Electro-optical properties of APS and APhS linkers on silicon thin film: A DFT study

[Display omitted] •APS linker shifts the band edges less than APhS.•〈111〉 silicon as a substrate is less affected by linker molecules than 〈100〉 silicon.•OH molecules causes surface orbitals to sink deep into the substrate.•Added surface states can enhance carrier transport on the silicon surface. APS (3-Aminopropyl) trimethoxysilane) and APhS (p-Aminophenyl) trimethoxysilane) are the most commonly used linkers on a silicon surface. We investigate the surface properties of the structures, including APS or APhS on a silicon substrate. The studied structures consist of APS or APhS linkers with one, two, or three bonds with a substrate, which is a thin layer of Si with crystal orientation 〈100〉 or 〈111〉. Using a first-principles study based on density functional theory (DFT), we investigated the electronic and optical properties of the silicon-linker interface, such as interface states, orbital location, dielectric function, and photon absorption.

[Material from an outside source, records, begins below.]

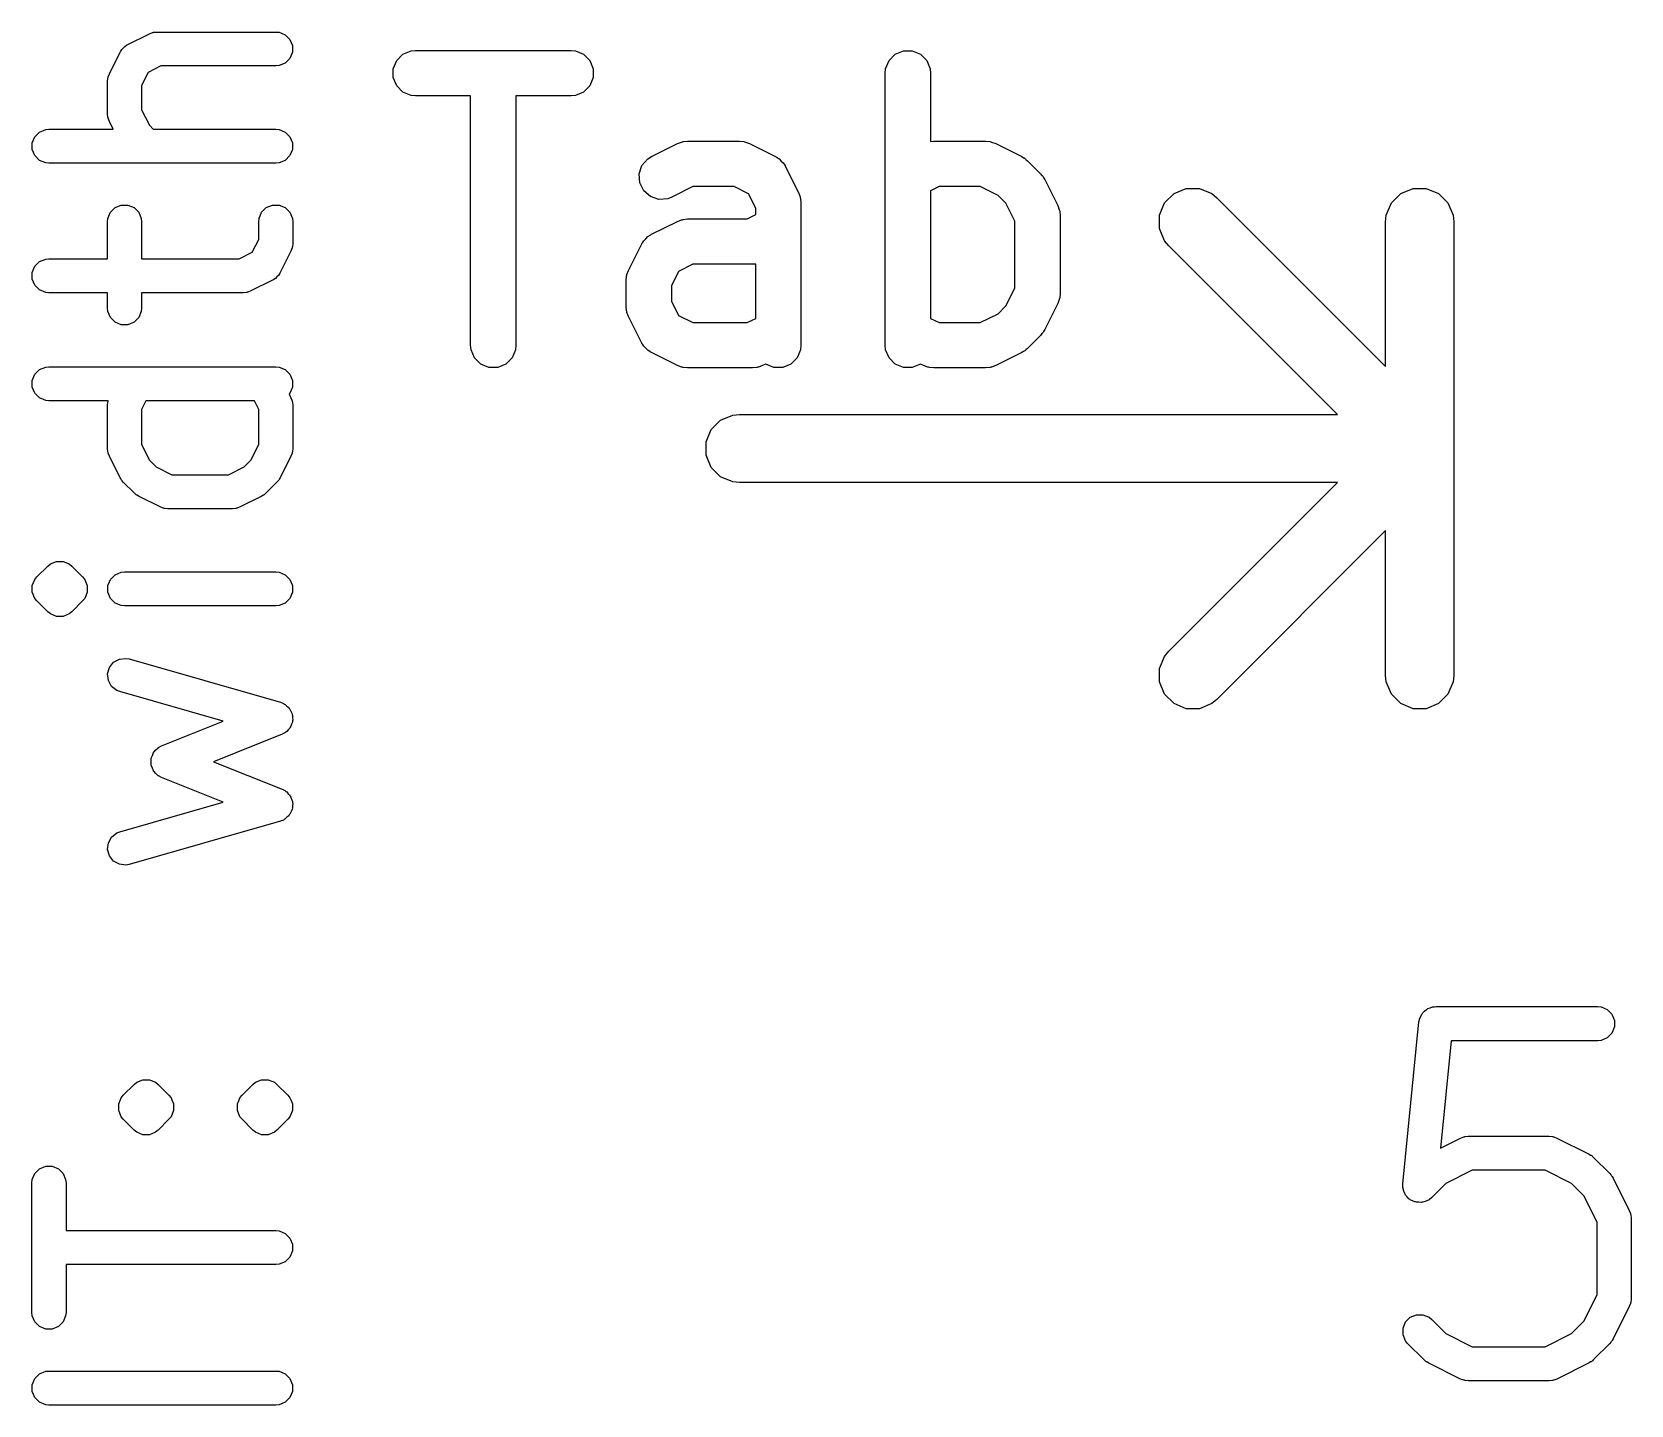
# Model space of a CAD drawing. Header units: inches. Extents: x 1.65 to 4.85, y -4.53 to -1.63.
# Drawn here: x 1.6488 to 1.9265, y -2.7251 to -2.4867 of the extents above; entities that cross this region are included whole.
import ezdxf

# ---------------------------------------------------------------- set-up
doc = ezdxf.new("R2010")
doc.units = ezdxf.units.IN
doc.header["$MEASUREMENT"] = 0
doc.layers.add('BLACK', color=250, linetype='CONTINUOUS')

msp = doc.modelspace()

# ---------------------------------------------------------------- linework, layer by layer
at = {"layer": 'BLACK', "linetype": 'CONTINUOUS'}
for p, q in [((1.66544, -2.48892), (1.66919, -2.48705)), ((1.66919, -2.48705), (1.66973, -2.48684)), ((1.66973, -2.48684), (1.66984, -2.48683)), ((1.66984, -2.48683), (1.66994, -2.48679)), ((1.66994, -2.48679), (1.67051, -2.48674)), ((1.67051, -2.48674), (1.69113, -2.48674)), ((1.69113, -2.48674), (1.69171, -2.48679)), ((1.69171, -2.48679), (1.69278, -2.48723)), ((1.69278, -2.48723), (1.69359, -2.48805)), ((1.66225, -2.49399), (1.66412, -2.49024)), ((1.66412, -2.49024), (1.66418, -2.49015)), ((1.66418, -2.49015), (1.6642, -2.4901)), ((1.6642, -2.4901), (1.66425, -2.49004)), ((1.66425, -2.49004), (1.66443, -2.48975)), ((1.66443, -2.48975), (1.66471, -2.48951)), ((1.66471, -2.48951), (1.66495, -2.48923)), ((1.66495, -2.48923), (1.66524, -2.48905)), ((1.66524, -2.48905), (1.6653, -2.489)), ((1.6653, -2.489), (1.66535, -2.48898)), ((1.66535, -2.48898), (1.66544, -2.48892)), ((1.69359, -2.48805), (1.69403, -2.48911)), ((1.69403, -2.49026), (1.69359, -2.49133)), ((1.69403, -2.48911), (1.69403, -2.49026)), ((1.71322, -2.49061), (1.71464, -2.49003)), ((1.71464, -2.49003), (1.71541, -2.48995)), ((1.71541, -2.48995), (1.74241, -2.48995)), ((1.74241, -2.48995), (1.74318, -2.49003)), ((1.74318, -2.49003), (1.74459, -2.49061)), ((1.79871, -2.49061), (1.80013, -2.49003)), ((1.80013, -2.49003), (1.80167, -2.49003)), ((1.80167, -2.49003), (1.80309, -2.49061)), ((1.67121, -2.49264), (1.66896, -2.49376)), ((1.69113, -2.49264), (1.67121, -2.49264)), ((1.69171, -2.49258), (1.69113, -2.49264)), ((1.69278, -2.49214), (1.69171, -2.49258)), ((1.69359, -2.49133), (1.69278, -2.49214)), ((1.71155, -2.49312), (1.71214, -2.4917)), ((1.71155, -2.49466), (1.71155, -2.49312)), ((1.71214, -2.4917), (1.71322, -2.49061)), ((1.74459, -2.49061), (1.74568, -2.4917)), ((1.74568, -2.4917), (1.74627, -2.49312)), ((1.74627, -2.49312), (1.74627, -2.49466)), ((1.79696, -2.49389), (1.79704, -2.49312)), ((1.79704, -2.49312), (1.79763, -2.4917)), ((1.79763, -2.4917), (1.79871, -2.49061)), ((1.80309, -2.49061), (1.80417, -2.4917)), ((1.80417, -2.4917), (1.80476, -2.49312)), ((1.80476, -2.49312), (1.80484, -2.49389)), ((1.66194, -2.49531), (1.66199, -2.49474)), ((1.66194, -2.50094), (1.66194, -2.49531)), ((1.66199, -2.49474), (1.66203, -2.49464)), ((1.66203, -2.49464), (1.66204, -2.49453)), ((1.66204, -2.49453), (1.66225, -2.49399)), ((1.66896, -2.49376), (1.66784, -2.49601)), ((1.66784, -2.49601), (1.66784, -2.50024)), ((1.71214, -2.49607), (1.71155, -2.49466)), ((1.71322, -2.49716), (1.71214, -2.49607)), ((1.74568, -2.49607), (1.74459, -2.49716)), ((1.74627, -2.49466), (1.74568, -2.49607)), ((1.79696, -2.54113), (1.79696, -2.49389)), ((1.80484, -2.49389), (1.80484, -2.50575)), ((1.71464, -2.49775), (1.71322, -2.49716)), ((1.71541, -2.49782), (1.71464, -2.49775)), ((1.72497, -2.49782), (1.71541, -2.49782)), ((1.72497, -2.54113), (1.72497, -2.49782)), ((1.74241, -2.49782), (1.73285, -2.49782)), ((1.73285, -2.49782), (1.73285, -2.54113)), ((1.74318, -2.49775), (1.74241, -2.49782)), ((1.74459, -2.49716), (1.74318, -2.49775)), ((1.66199, -2.50151), (1.66194, -2.50094)), ((1.66203, -2.50161), (1.66199, -2.50151)), ((1.66204, -2.50172), (1.66203, -2.50161)), ((1.66784, -2.50024), (1.66919, -2.50294)), ((1.64931, -2.50492), (1.65012, -2.50411)), ((1.65012, -2.50411), (1.65119, -2.50367)), ((1.65119, -2.50367), (1.65176, -2.50361)), ((1.65176, -2.50361), (1.66292, -2.50361)), ((1.66225, -2.50226), (1.66204, -2.50172)), ((1.66292, -2.50361), (1.66225, -2.50226)), ((1.66919, -2.50294), (1.66986, -2.50361)), ((1.66986, -2.50361), (1.69113, -2.50361)), ((1.69113, -2.50361), (1.69171, -2.50367)), ((1.69171, -2.50367), (1.69278, -2.50411)), ((1.69278, -2.50411), (1.69359, -2.50492)), ((1.64887, -2.50599), (1.64931, -2.50492)), ((1.64887, -2.50714), (1.64887, -2.50599)), ((1.64931, -2.5082), (1.64887, -2.50714)), ((1.69359, -2.50492), (1.69403, -2.50599)), ((1.69403, -2.50714), (1.69359, -2.5082)), ((1.69403, -2.50599), (1.69403, -2.50714)), ((1.75639, -2.50836), (1.76089, -2.50611)), ((1.76089, -2.50611), (1.76161, -2.50584)), ((1.76161, -2.50584), (1.76176, -2.50583)), ((1.76176, -2.50583), (1.76189, -2.50577)), ((1.76189, -2.50577), (1.76265, -2.5057)), ((1.76265, -2.5057), (1.77165, -2.5057)), ((1.77165, -2.5057), (1.77242, -2.50577)), ((1.77242, -2.50577), (1.77255, -2.50583)), ((1.77255, -2.50583), (1.77269, -2.50584)), ((1.77269, -2.50584), (1.77341, -2.50611)), ((1.77341, -2.50611), (1.77791, -2.50836)), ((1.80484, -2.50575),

The effects of linker type, number of linker-substrate bonds, and crystal orientation on density of states are investigated as a most important electrical property. In addition, we calculated the orbital location and dielectric function in the structures consisting of the substrate with the linker molecules. In this study, we propose techniques to reduce band edge shifts due to surface states and enhance the current mobility in structures with APS or APhS on a silicon substrate. The obtained results show that the use of APS linker molecules instead of APhS can reduce the conduction band shift by up to 50% and the density of interface states are sharply reduced at a depth of approximately 5 Å from the silicon surface. Also, simulation results show that the effect of linkers on the dielectric function can be negligible in the case of using linkers with one or two bonds with the substrate at low energies (lower than 5 eV).